Stored records:
=-=-=

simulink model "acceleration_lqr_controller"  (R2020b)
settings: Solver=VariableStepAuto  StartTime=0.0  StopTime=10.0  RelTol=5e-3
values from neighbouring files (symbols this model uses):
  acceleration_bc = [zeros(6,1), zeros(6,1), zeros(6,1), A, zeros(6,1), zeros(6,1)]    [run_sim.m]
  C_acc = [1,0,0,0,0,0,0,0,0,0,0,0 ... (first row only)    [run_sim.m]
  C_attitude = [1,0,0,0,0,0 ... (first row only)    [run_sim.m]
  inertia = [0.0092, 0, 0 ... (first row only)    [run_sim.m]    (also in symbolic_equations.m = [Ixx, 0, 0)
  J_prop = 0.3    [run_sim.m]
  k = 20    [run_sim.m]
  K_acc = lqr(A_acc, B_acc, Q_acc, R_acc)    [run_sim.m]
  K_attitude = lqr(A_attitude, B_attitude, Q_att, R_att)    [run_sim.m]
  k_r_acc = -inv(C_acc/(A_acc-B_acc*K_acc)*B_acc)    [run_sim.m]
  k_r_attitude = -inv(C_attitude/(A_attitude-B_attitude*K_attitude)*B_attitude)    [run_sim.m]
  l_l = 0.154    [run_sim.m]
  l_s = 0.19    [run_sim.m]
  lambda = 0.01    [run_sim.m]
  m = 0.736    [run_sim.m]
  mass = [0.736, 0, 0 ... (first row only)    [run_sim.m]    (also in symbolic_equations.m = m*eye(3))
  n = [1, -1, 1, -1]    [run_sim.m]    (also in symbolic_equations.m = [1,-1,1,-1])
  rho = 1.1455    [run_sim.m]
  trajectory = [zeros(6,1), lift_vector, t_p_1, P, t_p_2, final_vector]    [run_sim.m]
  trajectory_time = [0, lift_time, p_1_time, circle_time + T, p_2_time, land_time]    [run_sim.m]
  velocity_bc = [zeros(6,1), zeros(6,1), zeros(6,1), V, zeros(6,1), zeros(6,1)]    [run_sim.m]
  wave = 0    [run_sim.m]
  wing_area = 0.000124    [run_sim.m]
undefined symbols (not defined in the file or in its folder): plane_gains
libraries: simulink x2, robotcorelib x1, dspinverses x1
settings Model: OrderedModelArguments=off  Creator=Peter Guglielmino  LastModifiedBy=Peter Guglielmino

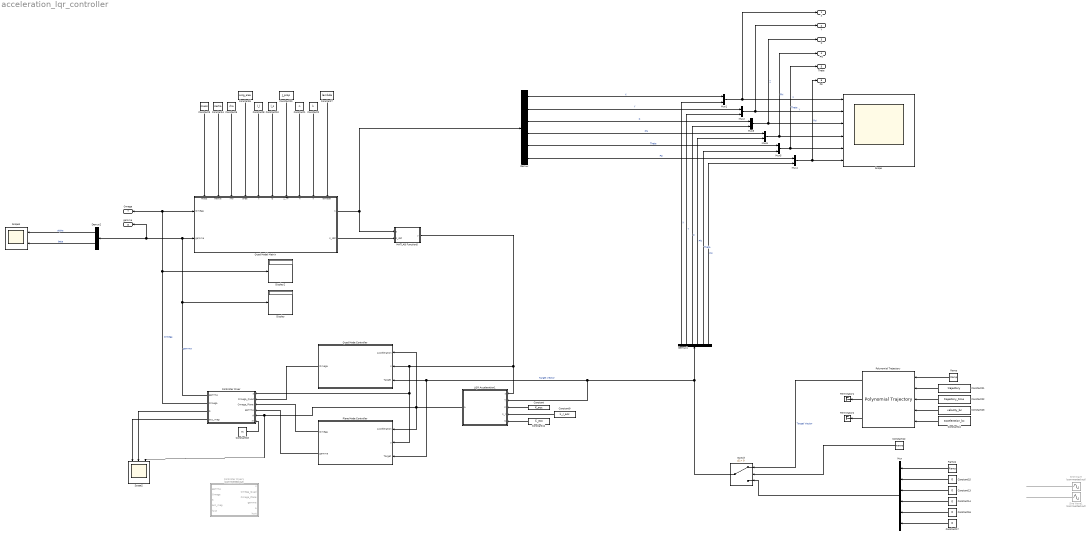
== system acceleration_lqr_controller ==
  Constant : Constant  Value=K_acc
  Constant1 : Constant  Value=n
  Constant10 : Constant  Value=l_s
  Constant11 : Constant  Value=C_acc
  Constant12 : Constant  Value=wave
  Constant{13..17} (5 alike) : Constant  Value=0
  Constant18 : Constant  Value=m
  Constant2 : Constant  Value=k
  Constant20 : Constant  Value=J_prop
  Constant21 : Constant  Value=trajectory
  Constant22 : Constant  Value=trajectory_time
  Constant23 : Constant  Value=velocity_bc
  Constant24 : Constant  Value=acceleration_bc
  Constant3 : Constant  Value=mass
  Constant4 : Constant  Value=inertia
  Constant5 : Constant  Value=rho
  Constant6 : Constant  Value=wing_area
  Constant7 : Constant  Value=lambda
  Constant8 : Constant  Value=l_l
  Constant9 : Constant  Value=k_r_acc
  Controller Mixer : MATLAB Function  TreatAsAtomicUnit=on
  Controller Mixer1 : MATLAB Function  Commented=on  TreatAsAtomicUnit=on
  Demux : Demux  Outputs=6
  Demux1 : Demux  Outputs=6
  Demux2 : Demux  Outputs=2
  Display : Display
  Display2 : Display
  LQR Acceleration1 : MATLAB Function  TreatAsAtomicUnit=on
  MATLAB Function5 : MATLAB Function  TreatAsAtomicUnit=on
  Mux : Mux  Inputs=6
  Mux{1..6} (6 alike) : Mux  Inputs=2
  Plane Mode Controller : Subsystem
  Polynomial Trajectory : robotcorelib/Polynomial Trajectory  WaypointSource=External  Waypoints=[ 0, 2, 1, 5, 0; -1, 3, 1, 4, 4 ]  TimePoints=[ 0, 1, 2, 3, 4 ]  TimeInterval=[ 1, 4 ]  Method=Quintic Polynomial  ParameterSource=External  VelocityBoundaryCondition=zeros( 2, 5 )  AccelerationBoundaryCondition=zeros( 2, 5 )  SimulateUsing=Interpreted execution
  Quad Mode Controller : Subsystem
  Quad Model Matrix : Subsystem
      settings: PortSchema="{\"entries\":[{\"content\":{\"sides\":[{\"content\":{\"connectorIds\":[\"In1\",\"In2\"]},\"type\":\"ConnectorPlacement.EquallySpacedRectSide\",\"uuid\":\"92f3d3d3-fa03-4a7c-b7c8-522e3a278d42\"},{\"content\":{\"connectorIds\":[\"Out1\",\"Out2\"],\"side\":\"RIGHT\"},\"type\":\"ConnectorPlacement.EquallySpacedRectSide\",\"uuid\":\"4b704a1b-c59d-448c-ba8b-d26cf986d8aa\"},{\"content\":{\"connectorIds\":[\"In3\",\"In4\",\"In5\",\"In6\",\"In7\",\"In8\",\"In9\",\"In10\",\"In11\",\"In12\"],\"side\":\"TOP\"},\"type\":\"ConnectorPlacement.EquallySpacedRectSide\",\"uuid\":\"497a2a82-bb5f-47ef-9b21-867d09544019\"},{\"content\":{\"connectorIds\":[],\"side\":\"HIDDEN\"},\"type\":\"ConnectorPlacement.EquallySpacedRectSide\",\"uuid\":\"ae751cc0-2619-44d6-9060-bb188bf8fe67\"}]},\"type\":\"ConnectorPlacement.EquallySpacedConnector\",\"uuid\":\"8022b3ae-a68f-4bf5-ba6d-2aee68313519\"}],\"packageUris\":[\"http://schema.mathworks.com/mf0/Connector/R2020b\"],\"version\":\"1.0\"}"
  Ramp : simulink/Sources/Ramp  slope=0.5  start=0  InitialOutput=0
  Ramp1 : simulink/Sources/Ramp  slope=10  start=0  InitialOutput=0
  Scope : Scope  NumInputPorts=6
  Scope1 : Scope  NumInputPorts=2
  Scope2 : Scope  NumInputPorts=3
  Sine Wave : Sin  Commented=on  Amplitude=0.5  Frequency=2  SampleTime=0
  Sine Wave1 : Sin  Commented=on  Amplitude=0.5  Frequency=2  Phase=pi/2  SampleTime=0
  Switch : Switch  Criteria=u2 > Threshold
  Terminator1 : Terminator
  Terminator2 : Terminator
  X : Outport
  Y : Outport  Port=2
  Z : Outport  Port=3
  Phi : Outport  Port=4
  Theta : Outport  Port=5
  Psi : Outport  Port=6
  Omega : Outport  Port=7
  gamma : Outport  Port=8
  wires:
  Quad Model Matrix/1(s) -> Demux/1, MATLAB Function5/1(s)
  Demux/1 -> Mux1/1  "X"
  Demux/2 -> Mux2/1  "Y"
  Demux/3 -> Mux3/1  "Z"
  Demux/6 -> Mux4/1  "Psi"
  Quad Model Matrix/2(s_dot) -> MATLAB Function5/2(s_dot)
  Demux1/6 -> Mux4/2  "Psi"
  Demux1/1 -> Mux1/2  "X"
  Demux1/3 -> Mux3/2  "Z"
  Demux1/2 -> Mux2/2  "Y"
  Mux1/1 -> Scope/1, X/1  "X"
  Mux2/1 -> Scope/2, Y/1  "Y"
  Mux3/1 -> Z/1, Scope/3  "Z"
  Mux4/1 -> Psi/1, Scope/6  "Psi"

=-=-=

TRY IT
Please print all of the records above exactly, omitting each picture.

EXERCISE OUTPUT
simulink model "acceleration_lqr_controller"  (R2020b)
settings: Solver=VariableStepAuto  StartTime=0.0  StopTime=10.0  RelTol=5e-3
values from neighbouring files (symbols this model uses):
  acceleration_bc = [zeros(6,1), zeros(6,1), zeros(6,1), A, zeros(6,1), zeros(6,1)]    [run_sim.m]
  C_acc = [1,0,0,0,0,0,0,0,0,0,0,0 ... (first row only)    [run_sim.m]
  C_attitude = [1,0,0,0,0,0 ... (first row only)    [run_sim.m]
  inertia = [0.0092, 0, 0 ... (first row only)    [run_sim.m]    (also in symbolic_equations.m = [Ixx, 0, 0)
  J_prop = 0.3    [run_sim.m]
  k = 20    [run_sim.m]
  K_acc = lqr(A_acc, B_acc, Q_acc, R_acc)    [run_sim.m]
  K_attitude = lqr(A_attitude, B_attitude, Q_att, R_att)    [run_sim.m]
  k_r_acc = -inv(C_acc/(A_acc-B_acc*K_acc)*B_acc)    [run_sim.m]
  k_r_attitude = -inv(C_attitude/(A_attitude-B_attitude*K_attitude)*B_attitude)    [run_sim.m]
  l_l = 0.154    [run_sim.m]
  l_s = 0.19    [run_sim.m]
  lambda = 0.01    [run_sim.m]
  m = 0.736    [run_sim.m]
  mass = [0.736, 0, 0 ... (first row only)    [run_sim.m]    (also in symbolic_equations.m = m*eye(3))
  n = [1, -1, 1, -1]    [run_sim.m]    (also in symbolic_equations.m = [1,-1,1,-1])
  rho = 1.1455    [run_sim.m]
  trajectory = [zeros(6,1), lift_vector, t_p_1, P, t_p_2, final_vector]    [run_sim.m]
  trajectory_time = [0, lift_time, p_1_time, circle_time + T, p_2_time, land_time]    [run_sim.m]
  velocity_bc = [zeros(6,1), zeros(6,1), zeros(6,1), V, zeros(6,1), zeros(6,1)]    [run_sim.m]
  wave = 0    [run_sim.m]
  wing_area = 0.000124    [run_sim.m]
undefined symbols (not defined in the file or in its folder): plane_gains
libraries: simulink x2, robotcorelib x1, dspinverses x1
settings Model: OrderedModelArguments=off  Creator=Peter Guglielmino  LastModifiedBy=Peter Guglielmino

== system acceleration_lqr_controller ==
  Constant : Constant  Value=K_acc
  Constant1 : Constant  Value=n
  Constant10 : Constant  Value=l_s
  Constant11 : Constant  Value=C_acc
  Constant12 : Constant  Value=wave
  Constant{13..17} (5 alike) : Constant  Value=0
  Constant18 : Constant  Value=m
  Constant2 : Constant  Value=k
  Constant20 : Constant  Value=J_prop
  Constant21 : Constant  Value=trajectory
  Constant22 : Constant  Value=trajectory_time
  Constant23 : Constant  Value=velocity_bc
  Constant24 : Constant  Value=acceleration_bc
  Constant3 : Constant  Value=mass
  Constant4 : Constant  Value=inertia
  Constant5 : Constant  Value=rho
  Constant6 : Constant  Value=wing_area
  Constant7 : Constant  Value=lambda
  Constant8 : Constant  Value=l_l
  Constant9 : Constant  Value=k_r_acc
  Controller Mixer : MATLAB Function  TreatAsAtomicUnit=on
  Controller Mixer1 : MATLAB Function  Commented=on  TreatAsAtomicUnit=on
  Demux : Demux  Outputs=6
  Demux1 : Demux  Outputs=6
  Demux2 : Demux  Outputs=2
  Display : Display
  Display2 : Display
  LQR Acceleration1 : MATLAB Function  TreatAsAtomicUnit=on
  MATLAB Function5 : MATLAB Function  TreatAsAtomicUnit=on
  Mux : Mux  Inputs=6
  Mux{1..6} (6 alike) : Mux  Inputs=2
  Plane Mode Controller : Subsystem
  Polynomial Trajectory : robotcorelib/Polynomial Trajectory  WaypointSource=External  Waypoints=[ 0, 2, 1, 5, 0; -1, 3, 1, 4, 4 ]  TimePoints=[ 0, 1, 2, 3, 4 ]  TimeInterval=[ 1, 4 ]  Method=Quintic Polynomial  ParameterSource=External  VelocityBoundaryCondition=zeros( 2, 5 )  AccelerationBoundaryCondition=zeros( 2, 5 )  SimulateUsing=Interpreted execution
  Quad Mode Controller : Subsystem
  Quad Model Matrix : Subsystem
      settings: PortSchema="{\"entries\":[{\"content\":{\"sides\":[{\"content\":{\"connectorIds\":[\"In1\",\"In2\"]},\"type\":\"ConnectorPlacement.EquallySpacedRectSide\",\"uuid\":\"92f3d3d3-fa03-4a7c-b7c8-522e3a278d42\"},{\"content\":{\"connectorIds\":[\"Out1\",\"Out2\"],\"side\":\"RIGHT\"},\"type\":\"ConnectorPlacement.EquallySpacedRectSide\",\"uuid\":\"4b704a1b-c59d-448c-ba8b-d26cf986d8aa\"},{\"content\":{\"connectorIds\":[\"In3\",\"In4\",\"In5\",\"In6\",\"In7\",\"In8\",\"In9\",\"In10\",\"In11\",\"In12\"],\"side\":\"TOP\"},\"type\":\"ConnectorPlacement.EquallySpacedRectSide\",\"uuid\":\"497a2a82-bb5f-47ef-9b21-867d09544019\"},{\"content\":{\"connectorIds\":[],\"side\":\"HIDDEN\"},\"type\":\"ConnectorPlacement.EquallySpacedRectSide\",\"uuid\":\"ae751cc0-2619-44d6-9060-bb188bf8fe67\"}]},\"type\":\"ConnectorPlacement.EquallySpacedConnector\",\"uuid\":\"8022b3ae-a68f-4bf5-ba6d-2aee68313519\"}],\"packageUris\":[\"http://schema.mathworks.com/mf0/Connector/R2020b\"],\"version\":\"1.0\"}"
  Ramp : simulink/Sources/Ramp  slope=0.5  start=0  InitialOutput=0
  Ramp1 : simulink/Sources/Ramp  slope=10  start=0  InitialOutput=0
  Scope : Scope  NumInputPorts=6
  Scope1 : Scope  NumInputPorts=2
  Scope2 : Scope  NumInputPorts=3
  Sine Wave : Sin  Commented=on  Amplitude=0.5  Frequency=2  SampleTime=0
  Sine Wave1 : Sin  Commented=on  Amplitude=0.5  Frequency=2  Phase=pi/2  SampleTime=0
  Switch : Switch  Criteria=u2 > Threshold
  Terminator1 : Terminator
  Terminator2 : Terminator
  X : Outport
  Y : Outport  Port=2
  Z : Outport  Port=3
  Phi : Outport  Port=4
  Theta : Outport  Port=5
  Psi : Outport  Port=6
  Omega : Outport  Port=7
  gamma : Outport  Port=8
  wires:
  Quad Model Matrix/1(s) -> Demux/1, MATLAB Function5/1(s)
  Demux/1 -> Mux1/1  "X"
  Demux/2 -> Mux2/1  "Y"
  Demux/3 -> Mux3/1  "Z"
  Demux/6 -> Mux4/1  "Psi"
  Quad Model Matrix/2(s_dot) -> MATLAB Function5/2(s_dot)
  Demux1/6 -> Mux4/2  "Psi"
  Demux1/1 -> Mux1/2  "X"
  Demux1/3 -> Mux3/2  "Z"
  Demux1/2 -> Mux2/2  "Y"
  Mux1/1 -> Scope/1, X/1  "X"
  Mux2/1 -> Scope/2, Y/1  "Y"
  Mux3/1 -> Z/1, Scope/3  "Z"
  Mux4/1 -> Psi/1, Scope/6  "Psi"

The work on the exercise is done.